- Directed by: Arthur Dubs
- Produced by: Arthur Dubs
- Narrated by: Rex Allen
- Cinematography: Heinz Sielmann
- Release date: January 3, 1973 (Los Angeles);
- Country: USA
- Language: English
- Budget: $128,000
- Box office: $7.4 million (US rentals)

= Vanishing Wilderness =

Vanishing Wilderness is a 1973 American wilderness documentary from Arthur Dubs who established Pacific International Enterprises. It was filmed by Heinz Sielmann. Areas covered included Oregon's Rogue River, the Arctic Circle, Alaska and the Florida Everglades.

In contrast with Dubs' previous documentary, American Wilderness, which focused on hunting, Vanishing Wilderness was more of a family film and was rated "G".

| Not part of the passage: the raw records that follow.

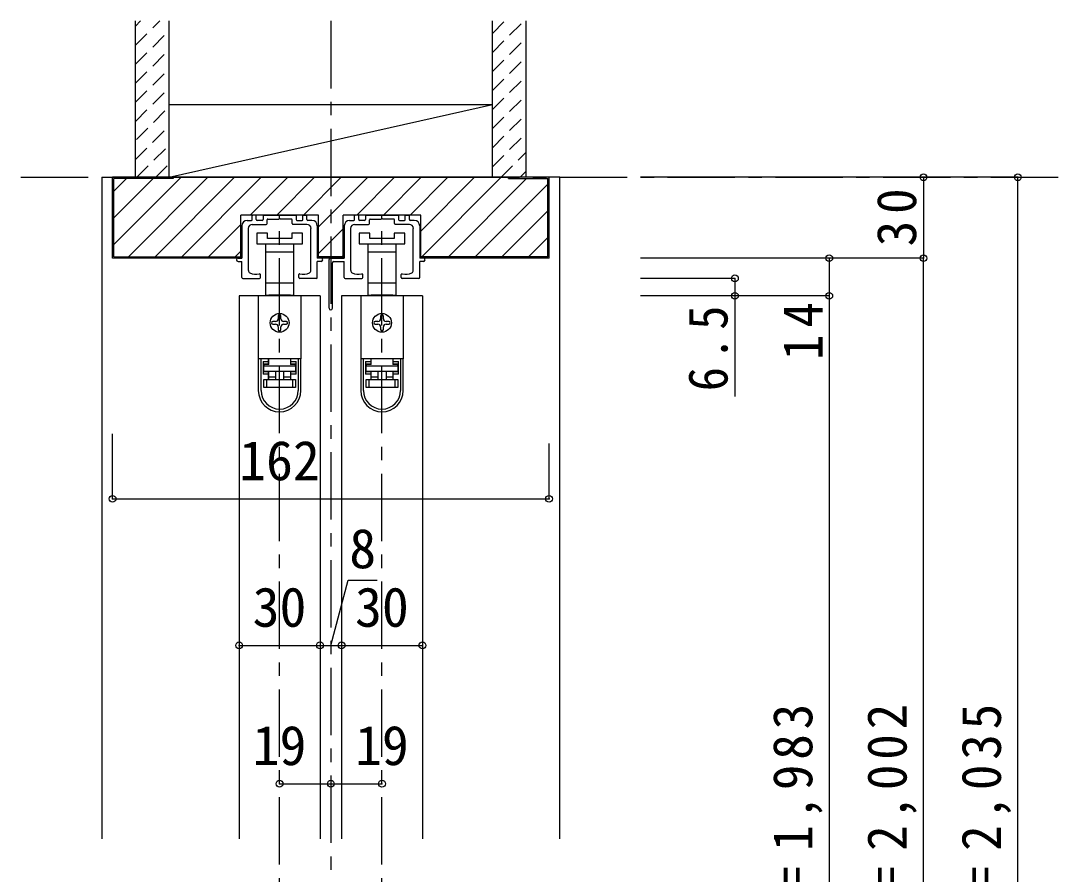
# Model space of a CAD drawing. Units: millimetres, scale not verified. Extents: x -973 to 977, y -718 to 696.
# Drawn here: x 106.7 to 495.7, y -319 to -2.5 of the extents above; entities that cross this region are included whole.
import ezdxf
from ezdxf.enums import TextEntityAlignment as Align

# ---------------------------------------------------------------- set-up
doc = ezdxf.new("R2010")
doc.units = ezdxf.units.MM
doc.header["$LTSCALE"] = 5
doc.header["$PDMODE"] = 32
doc.header["$PDSIZE"] = 2.5
doc.linetypes.add('CHAIN1', pattern=[8, 5, -1, 1, -1])
doc.linetypes.add('DASHED1', pattern=[1.8, 1.2, -0.6])
for name, color, linetype in [('0-1_通り芯', 4, 'CHAIN1'), ('0-2_柱', 3, 'Continuous'), ('0-3_仕上げ', 2, 'Continuous'), ('0-4_枠', 3, 'Continuous'), ('0-6_扉', 6, 'Continuous'), ('0-7_金物', 7, 'Continuous'), ('0-B_寸法', 7, 'Continuous'), ('0-C_ハッチ', 4, 'DASHED1')]:
    doc.layers.add(name, color=color, linetype=linetype)
doc.styles.add('ＭＳ ゴシック', font='')
doc.styles.get('ＭＳ ゴシック').set_extended_font_data('MS Gothic')

# ---------------------------------------------------------------- blocks, each defined once
blk = doc.blocks.new('下荷重(戸車)')
at = {"layer": '0-7_金物'}
for p, q in [((8.5, 37.107), (4.5, 37.107)), ((5.25, 30.107), (5.25, 33.107)), ((-5.25, 30.107), (0, 30.107)), ((0, 30.107), (5.25, 30.107)), ((5.25, 18.507), (5.25, 30.107)), ((0, 18.507), (-5.25, 18.507)), ((-5.25, 18.507), (-5.25, 14.107)), ((5.25, 18.507), (0, 18.507)), ((5.25, 14.107), (5.25, 18.507)), ((7.9, 13.807), (-7.9, 13.807)), ((-7.9, 13.807), (-7.9, -9.493)), ((-5.25, 14.107), (-4, 14.107)), ((-4, 14.107), (-4, 13.807)), ((4, 14.107), (-4, 14.107)), ((4, 14.107), (5.25, 14.107)), ((4, 13.807), (4, 14.107)), ((7.9, 13.807), (7.9, -9.493)), ((-1.5, 4.307), (-2.5, 4.307)), ((-0.5, 6.307), (-0.5, 5.307)), ((0.5, 5.307), (0.5, 6.307)), ((2.5, 4.307), (1.5, 4.307)), ((-2.5, 3.307), (-1.5, 3.307)), ((-0.5, 2.307), (-0.5, 1.307)), ((0.5, 1.307), (0.5, 2.307)), ((1.5, 3.307), (2.5, 3.307)), ((7.9, -9.493), (-7.9, -9.493)), ((-7.9, -9.493), (-7.9, -9.593)), ((-6.9, -9.593), (-7.9, -9.593)), ((-7.9, -9.593), (-7.9, -21.293)), ((-4.2, -9.593), (-6.9, -9.593)), ((-6.9, -21.293), (-6.9, -9.593)), ((-6.1, -10.593), (-6.1, -15.293)), ((-6.1, -10.593), (-4.2, -10.593)), ((-4.9, -9.593), (-4.9, -9.493)), ((-4.2, -9.593), (-4.2, -10.593)), ((-4, -11.693), (-4, -9.493)), ((4, -9.493), (4, -11.693)), ((6.9, -9.593), (4.2, -9.593)), ((4.2, -10.593), (4.2, -9.593)), ((4.2, -11.593), (4.2, -10.593)), ((4.2, -10.593), (6.1, -10.593)), ((6.1, -11.593), (4.2, -11.593)), ((4.9, -9.493), (4.9, -9.593)), ((6.1, -15.293), (6.1, -10.593)), ((6.9, -9.593), (6.9, -21.293)), ((7.9, -9.593), (6.9, -9.593)), ((7.9, -9.493), (7.9, -9.593)), ((7.9, -21.293), (7.9, -9.593)), ((-6.1, -14.293), (-4.2, -14.293)), ((-4.2, -15.293), (-6.1, -15.293)), ((-5.9, -11.693), (-5.9, -12.193)), ((-4, -11.693), (-5.9, -11.693)), ((-5.9, -12.193), (5.9, -12.193)), ((-5.9, -14.193), (-5.9, -12.193)), ((5.9, -14.193), (-5.9, -14.193)), ((-4.2, -14.293), (-4.2, -15.293)), ((-4.2, -15.293), (-4.2, -17.193)), ((-4, -16.193), (-4, -14.193)), ((-1.5, -14.193), (-1.5, -17.193)), ((1.5, -14.193), (1.5, -17.193)), ((5.9, -11.693), (4, -11.693)), ((6.1, -15.293), (4.2, -15.293)), ((4.2, -17.193), (4.2, -15.293)), ((5.9, -12.193), (5.9, -11.693)), ((5.9, -12.193), (5.9, -14.193)), ((-5.9, -17.193), (-4.9, -17.193)), ((-4.9, -17.193), (4.9, -17.193)), ((-4.9, -17.193), (-4.9, -20.193)), ((1.5, -16.193), (4, -16.193)), ((4.9, -17.193), (5.9, -17.193)), ((5.9, -17.193), (5.9, -20.193)), ((4.9, -20.193), (-4.9, -20.193))]:
    blk.add_line(p, q, dxfattribs=at)
for points in [[(-8.5, 33.107), (0, 33.107), (8.5, 33.107), (8.5, 37.107)], [(4.5, 37.107), (4.5, 35.107), (-4.5, 35.107), (-4.5, 37.107), (-8.5, 37.107), (-8.5, 33.107)], [(-5.25, 33.107), (-5.25, 30.107), (-5.25, 18.507)], [(-4.2, -10.593), (-4.2, -11.593), (-6.1, -11.593)], [(4, -14.193), (4, -16.193), (4, -17.193)], [(4.2, -15.293), (4.2, -14.293), (6.1, -14.293)], [(-4.9, -20.193), (-5.9, -20.193), (-5.9, -17.193)], [(-4, -17.193), (-4, -16.193), (-1.5, -16.193)], [(5.9, -20.193), (4.9, -20.193), (4.9, -17.193)]]:
    blk.add_lwpolyline(points, dxfattribs=at)
blk.add_circle((0, 3.807), 3.5, dxfattribs=at)
for centre, radius, start, end in [((-2.5, 3.807), 0.5, 90, 180), ((-1.5, 5.307), 1, 270, 0), ((0, 6.307), 0.5, 90, 180), ((0, 6.307), 0.5, 0, 90), ((1.5, 5.307), 1, 180, 270), ((2.5, 3.807), 0.5, 0, 90), ((-2.5, 3.807), 0.5, 180, 270), ((-1.5, 2.307), 1, 0, 90), ((0, 1.307), 0.5, 180, 270), ((0, 1.307), 0.5, 270, 0), ((1.5, 2.307), 1, 90, 180), ((2.5, 3.807), 0.5, 270, 0), ((0, -21.293), 7.9, 180, 0), ((0, -21.293), 6.9, 180, 0)]:
    blk.add_arc(centre, radius, start, end, dxfattribs=at)
blk = doc.blocks.new('03')
at = {"layer": '0-B_寸法'}
for p, q in [((-9.229, 7.776), (-9.229, 9.176)), ((-8.029, 9.476), (-8.929, 9.476)), ((-7.729, 7.776), (-7.729, 9.176)), ((-5.229, 9.176), (-5.229, 7.776)), ((-4.929, 9.476), (6.771, 9.476)), ((-3.429, 7.976), (0.621, 7.976)), ((0.921, 8.276), (0.621, 7.976)), ((0.921, 8.276), (1.221, 7.976)), ((5.271, 7.976), (1.221, 7.976)), ((7.071, 9.176), (7.071, 7.776)), ((9.571, 7.776), (9.571, 9.176)), ((9.871, 9.476), (10.771, 9.476)), ((11.071, 7.776), (11.071, 9.176)), ((-13.079, 5.476), (-13.079, -6.524)), ((-11.079, 7.476), (-9.529, 7.476)), ((-10.679, -11.096), (-10.679, 4.476)), ((-9.229, 5.976), (-4.029, 5.976)), ((-5.529, 7.476), (-7.429, 7.476)), ((-3.729, 6.276), (-3.729, 7.676)), ((5.571, 6.276), (5.571, 7.676)), ((11.071, 5.976), (5.871, 5.976)), ((7.371, 7.476), (9.271, 7.476)), ((12.921, 7.476), (11.371, 7.476)), ((12.521, -11.096), (12.521, 4.476)), ((14.921, 5.476), (14.921, -6.524)), ((-18.679, -25.124), (-18.679, -7.024)), ((-18.179, -6.524), (-13.079, -6.524)), ((-16.979, -7.724), (-13.079, -7.724)), ((-13.079, -13.724), (-13.079, -7.724)), ((16.321, -6.524), (14.921, -6.524)), ((16.321, -7.724), (14.921, -7.724)), ((14.921, -13.724), (14.921, -7.724)), ((-17.479, -25.124), (-17.479, -8.224)), ((-12.779, -14.024), (-6.529, -14.024)), ((-6.229, -13.724), (-6.229, -12.649)), ((8.071, -13.724), (8.071, -12.649)), ((14.621, -14.024), (8.371, -14.024))]:
    blk.add_line(p, q, dxfattribs=at)
for centre, radius, start, end in [((-8.929, 9.176), 0.3, 90, 180), ((-8.029, 9.176), 0.3, 0, 90), ((-4.929, 9.176), 0.3, 90, 180), ((-3.429, 7.676), 0.3, 90, 180), ((5.271, 7.676), 0.3, 0, 90), ((6.771, 9.176), 0.3, 0, 90), ((9.871, 9.176), 0.3, 90, 180), ((10.771, 9.176), 0.3, 0, 90), ((-11.079, 5.476), 2, 90, 180), ((-9.229, 4.476), 1.5, 90, 180), ((-9.529, 7.776), 0.3, 270, 0), ((-7.429, 7.776), 0.3, 180, 270), ((-5.529, 7.776), 0.3, 270, 0), ((-4.029, 6.276), 0.3, 270, 0), ((5.871, 6.276), 0.3, 180, 270), ((7.371, 7.776), 0.3, 180, 270), ((9.271, 7.776), 0.3, 270, 0), ((11.371, 7.776), 0.3, 180, 270), ((11.071, 4.476), 1.5, 0, 90), ((12.921, 5.476), 2, 0, 90), ((-18.179, -7.024), 0.5, 90, 180), ((-16.979, -8.224), 0.5, 90, 180), ((16.321, -7.124), 0.6, 0, 90), ((16.321, -7.124), 0.6, 270, 0), ((-9.679, -11.096), 1, 180, 243.25632), ((11.521, -11.096), 1, 296.74368, 0), ((-12.779, -13.724), 0.3, 180, 270), ((-7.879, -7.524), 5, 243.25632, 284.75682), ((-6.529, -12.649), 0.3, 0, 104.75682), ((-6.529, -13.724), 0.3, 270, 0), ((8.371, -12.649), 0.3, 75.24318, 180), ((8.371, -13.724), 0.3, 180, 270), ((9.721, -7.524), 5, 255.24318, 296.74368), ((14.621, -13.724), 0.3, 270, 0), ((-18.079, -25.124), 0.6, 180, 0)]:
    blk.add_arc(centre, radius, start, end, dxfattribs=at)
blk = doc.blocks.new('02')
at = {"layer": '0-B_寸法'}
for p, q in [((-10.15, 6.923), (-10.15, 8.323)), ((-8.95, 8.623), (-9.85, 8.623)), ((-8.65, 6.923), (-8.65, 8.323)), ((-6.15, 8.323), (-6.15, 6.923)), ((-5.85, 8.623), (5.85, 8.623)), ((6.15, 8.323), (6.15, 6.923)), ((8.65, 6.923), (8.65, 8.323)), ((8.95, 8.623), (9.85, 8.623)), ((10.15, 6.923), (10.15, 8.323)), ((-14, 4.623), (-14, -7.377)), ((-12, 6.623), (-10.45, 6.623)), ((-10.15, 5.123), (-4.95, 5.123)), ((-6.45, 6.623), (-8.35, 6.623)), ((-4.65, 5.423), (-4.65, 6.823)), ((-4.35, 7.123), (-0.3, 7.123)), ((0, 7.423), (-0.3, 7.123)), ((0, 7.423), (0.3, 7.123)), ((4.35, 7.123), (0.3, 7.123)), ((4.65, 5.423), (4.65, 6.823)), ((10.15, 5.123), (4.95, 5.123)), ((6.45, 6.623), (8.35, 6.623)), ((12, 6.623), (10.45, 6.623)), ((14, 4.623), (14, -7.377)), ((-11.6, -11.949), (-11.6, 3.623)), ((11.6, -11.949), (11.6, 3.623)), ((-15.4, -7.377), (-14, -7.377)), ((15.4, -7.377), (14, -7.377)), ((-15.4, -8.577), (-14, -8.577)), ((-14, -14.577), (-14, -8.577)), ((15.4, -8.577), (14, -8.577)), ((14, -14.577), (14, -8.577)), ((-13.7, -14.877), (-7.45, -14.877)), ((-7.15, -14.577), (-7.15, -13.502)), ((7.15, -14.577), (7.15, -13.502)), ((13.7, -14.877), (7.45, -14.877))]:
    blk.add_line(p, q, dxfattribs=at)
for centre, radius, start, end in [((-9.85, 8.323), 0.3, 90, 180), ((-8.95, 8.323), 0.3, 0, 90), ((-5.85, 8.323), 0.3, 90, 180), ((5.85, 8.323), 0.3, 0, 90), ((8.95, 8.323), 0.3, 90, 180), ((9.85, 8.323), 0.3, 0, 90), ((-12, 4.623), 2, 90, 180), ((-10.15, 3.623), 1.5, 90, 180), ((-10.45, 6.923), 0.3, 270, 0), ((-8.35, 6.923), 0.3, 180, 270), ((-6.45, 6.923), 0.3, 270, 0), ((-4.95, 5.423), 0.3, 270, 0), ((-4.35, 6.823), 0.3, 90, 180), ((4.35, 6.823), 0.3, 0, 90), ((4.95, 5.423), 0.3, 180, 270), ((6.45, 6.923), 0.3, 180, 270), ((8.35, 6.923), 0.3, 270, 0), ((10.45, 6.923), 0.3, 180, 270), ((10.15, 3.623), 1.5, 0, 90), ((12, 4.623), 2, 0, 90), ((-15.4, -7.977), 0.6, 90, 180), ((15.4, -7.977), 0.6, 0, 90), ((-15.4, -7.977), 0.6, 180, 270), ((15.4, -7.977), 0.6, 270, 0), ((-13.7, -14.577), 0.3, 180, 270), ((-10.6, -11.949), 1, 180, 243.25632), ((-8.8, -8.377), 5, 243.25632, 284.75682), ((-7.45, -13.502), 0.3, 0, 104.75682), ((-7.45, -14.577), 0.3, 270, 0), ((7.45, -13.502), 0.3, 75.24318, 180), ((7.45, -14.577), 0.3, 180, 270), ((8.8, -8.377), 5, 255.24318, 296.74368), ((10.6, -11.949), 1, 296.74368, 0), ((13.7, -14.577), 0.3, 270, 0)]:
    blk.add_arc(centre, radius, start, end, dxfattribs=at)

msp = doc.modelspace()

# ---------------------------------------------------------------- linework, layer by layer
at = {"layer": '0-1_通り芯'}
for p, q in [((221.653, -2.5), (221.653, -577.5)), ((106.653, -60.5), (495.653, -60.5)), ((202.653, -555.5), (202.653, -74.5)), ((240.653, -555.5), (240.653, -74.5))]:
    msp.add_line(p, q, dxfattribs=at)
at = {"layer": '0-2_柱', "color": 7}
msp.add_line((161.653, -60.5), (281.653, -33.5), dxfattribs=at)
at = {"layer": '0-2_柱'}
for p, q in [((161.653, -33.5), (281.653, -33.5)), ((161.653, -60.5), (281.653, -60.5))]:
    msp.add_line(p, q, dxfattribs=at)
at = {"layer": '0-3_仕上げ'}
for p, q in [((149.153, -60.5), (149.153, -2.5)), ((161.653, -60.5), (161.653, -2.5)), ((281.653, -60.5), (281.653, -2.5)), ((294.153, -60.5), (294.153, -2.5))]:
    msp.add_line(p, q, dxfattribs=at)
at = {"layer": '0-4_枠', "color": 4}
for p, q in [((136.653, -60.5), (140.653, -60.5)), ((136.653, -60.5), (136.653, -306)), ((306.653, -60.5), (302.653, -60.5)), ((306.653, -306), (306.653, -60.5))]:
    msp.add_line(p, q, dxfattribs=at)
at = {"layer": '0-4_枠'}
for p, q in [((140.653, -90.5), (140.653, -60.5)), ((302.653, -60.5), (140.653, -60.5)), ((141.153, -90), (141.153, -61)), ((287.653, -61), (287.653, -60.5)), ((287.653, -61), (302.153, -61)), ((302.153, -90), (302.153, -61)), ((302.653, -90.5), (302.653, -60.5)), ((188.253, -90.5), (188.253, -74.5)), ((217.053, -74.5), (188.253, -74.5)), ((217.053, -90.5), (217.053, -74.5)), ((226.253, -90.5), (226.253, -74.5)), ((255.053, -74.5), (226.253, -74.5)), ((255.053, -90.5), (255.053, -74.5)), ((188.253, -90.5), (140.653, -90.5)), ((141.153, -90), (188.253, -90)), ((226.253, -90), (217.053, -90)), ((226.253, -90.5), (217.053, -90.5)), ((302.153, -90), (255.053, -90)), ((302.653, -90.5), (255.053, -90.5))]:
    msp.add_line(p, q, dxfattribs=at)
msp.add_lwpolyline([(163.153, -60.5), (163.153, -61), (141.153, -61)], dxfattribs=at)
at = {"layer": '0-6_扉'}
for p, q in [((217.653, -104.5), (187.653, -104.5)), ((187.653, -104.5), (187.653, -306)), ((217.653, -104.5), (217.653, -306)), ((255.653, -104.5), (225.653, -104.5)), ((225.653, -104.5), (225.653, -306)), ((255.653, -104.5), (255.653, -306))]:
    msp.add_line(p, q, dxfattribs=at)
at = {"layer": '0-B_寸法', "color": 4}
for p, q in [((476.653, -60.5), (336.653, -60.5)), ((441.653, -60.5), (441.653, -90.5)), ((476.653, -555.5), (476.653, -60.5)), ((441.653, -90.5), (336.653, -90.5)), ((406.653, -90.5), (406.653, -104.5)), ((441.653, -552.5), (441.653, -90.5)), ((371.653, -98), (336.653, -98)), ((371.653, -98), (371.653, -141.839)), ((406.653, -104.5), (336.653, -104.5)), ((406.653, -104.5), (406.653, -547.5)), ((140.653, -179.804), (140.653, -155.746)), ((302.653, -179.804), (302.653, -159.246)), ((140.653, -179.804), (302.653, -179.804)), ((187.653, -234.173), (255.653, -234.173)), ((202.653, -285.499), (221.653, -285.499)), ((221.653, -285.499), (240.653, -285.499))]:
    msp.add_line(p, q, dxfattribs=at)
msp.add_lwpolyline([(221.653, -234.173), (228.112, -209.963), (238.905, -209.963)], dxfattribs=at)
at = {"layer": '0-B_寸法'}
for p in [(441.653, -60.5), (476.653, -60.5), (406.653, -90.5), (441.653, -90.5), (371.653, -98), (371.653, -104.5), (406.653, -104.5), (140.653, -179.804), (302.653, -179.804), (187.653, -234.173), (217.653, -234.173), (225.653, -234.173), (255.653, -234.173), (202.653, -285.499), (221.653, -285.499), (240.653, -285.499)]:
    msp.add_point(p, dxfattribs=at)
at = {"layer": '0-C_ハッチ'}
for p, q in [((149.181, -11.466), (158.147, -2.5)), ((149.181, -4.395), (151.076, -2.5)), ((281.653, -14.174), (293.327, -2.5)), ((281.653, -7.103), (286.256, -2.5)), ((149.181, -18.537), (161.681, -6.037)), ((281.653, -21.246), (294.153, -8.746)), ((149.181, -25.608), (161.681, -13.108)), ((281.653, -28.317), (294.153, -15.817)), ((149.181, -32.679), (161.681, -20.179)), ((281.653, -35.388), (294.153, -22.888)), ((149.181, -39.751), (161.681, -27.251)), ((281.653, -42.459), (294.153, -29.959)), ((149.503, -46.5), (161.681, -34.322)), ((281.653, -49.53), (294.153, -37.03)), ((149.153, -53.921), (161.681, -41.393)), ((281.653, -56.601), (294.153, -44.101)), ((149.645, -60.5), (161.681, -48.464)), ((284.825, -60.5), (294.153, -51.172)), ((156.716, -60.5), (161.681, -55.535)), ((291.896, -60.5), (294.153, -58.243))]:
    msp.add_line(p, q, dxfattribs=at)
at = {"layer": '0-C_ハッチ', "linetype": 'Continuous'}
for p, q in [((141.153, -85.486), (166.139, -60.5)), ((141.153, -75.587), (155.739, -61)), ((141.153, -65.687), (145.84, -61)), ((146.538, -90), (176.038, -60.5)), ((156.438, -90), (185.938, -60.5)), ((166.337, -90), (195.837, -60.5)), ((191.737, -74.5), (205.737, -60.5)), ((201.636, -74.5), (215.636, -60.5)), ((211.536, -74.5), (225.536, -60.5)), ((217.053, -78.882), (235.435, -60.5)), ((231.335, -74.5), (245.335, -60.5)), ((241.234, -74.5), (255.234, -60.5)), ((251.134, -74.5), (265.134, -60.5)), ((255.053, -80.48), (275.033, -60.5)), ((255.433, -90), (284.933, -60.5)), ((265.332, -90), (294.332, -61)), ((275.232, -90), (302.153, -63.079)), ((285.131, -90), (302.153, -72.978)), ((176.237, -90), (188.253, -77.984)), ((217.053, -88.782), (226.253, -79.582)), ((295.031, -90), (302.153, -82.878)), ((186.136, -90), (188.253, -87.883)), ((225.734, -90), (226.253, -89.481))]:
    msp.add_line(p, q, dxfattribs=at)

# ---------------------------------------------------------------- block references
at = {"layer": '0-7_金物'}
for name, p in [('02', (202.653, -83.123)), ('03', (239.732, -83.976)), ('下荷重(戸車)', (202.653, -118.307)), ('下荷重(戸車)', (240.653, -118.307))]:
    msp.add_blockref(name, p, dxfattribs=at)

# ---------------------------------------------------------------- texts
at = {"layer": '0-B_寸法', "style": 'ＭＳ ゴシック'}
for s, p in [('162', (187.653, -177.304)), ('8', (228.509, -209.963)), ('30', (192.653, -231.673)), ('30', (230.653, -231.673)), ('19', (192.653, -282.999)), ('19', (230.653, -282.999))]:
    msp.add_text(s, height=14.66, dxfattribs=at).set_placement(p, align=Align.BOTTOM_LEFT)
at = {"layer": '0-B_寸法', "char_height": 14.66, "attachment_point": 7, "rotation": 90, "style": 'ＭＳ ゴシック'}
for s, insert in [('\\T1.27;\\W0.95;30', (439.153, -86.125)), ('\\T1.27;\\W0.95;14', (404.153, -128.333)), ('\\T1.27;\\W0.9;6.5', (369.153, -139.881)), ('\\T1.19;\\W0.95;ＤＨ＝1,983', (404.153, -378.25)), ('\\T1.19;\\W0.95;枠内＝2,002', (439.153, -378.25)), ('\\T1.19;\\W0.95;枠外＝2,035', (474.153, -378.25))]:
    msp.add_mtext(s, dxfattribs=dict(at, insert=insert))

doc.saveas('drawing.dxf')

The film received endorsements from then-governor Ronald Reagan and John Wayne.

==Production==
It was filmed over five years. The film starred Dubs, his family and friends. It was narrated by Rex Allen.

==Reception==
The film was released in the Los Angeles area on January 3, 1973, on a four-wall distribution basis and grossed $341,000 in its first week and $1 million in three weeks. It went on to earn theatrical rentals of $7.4 million in the United States and Canada.

The San Francisco Chronicle called it "a superb glimpse of wid species." Leonard Maltin too praised the film although he found the narration excessively present.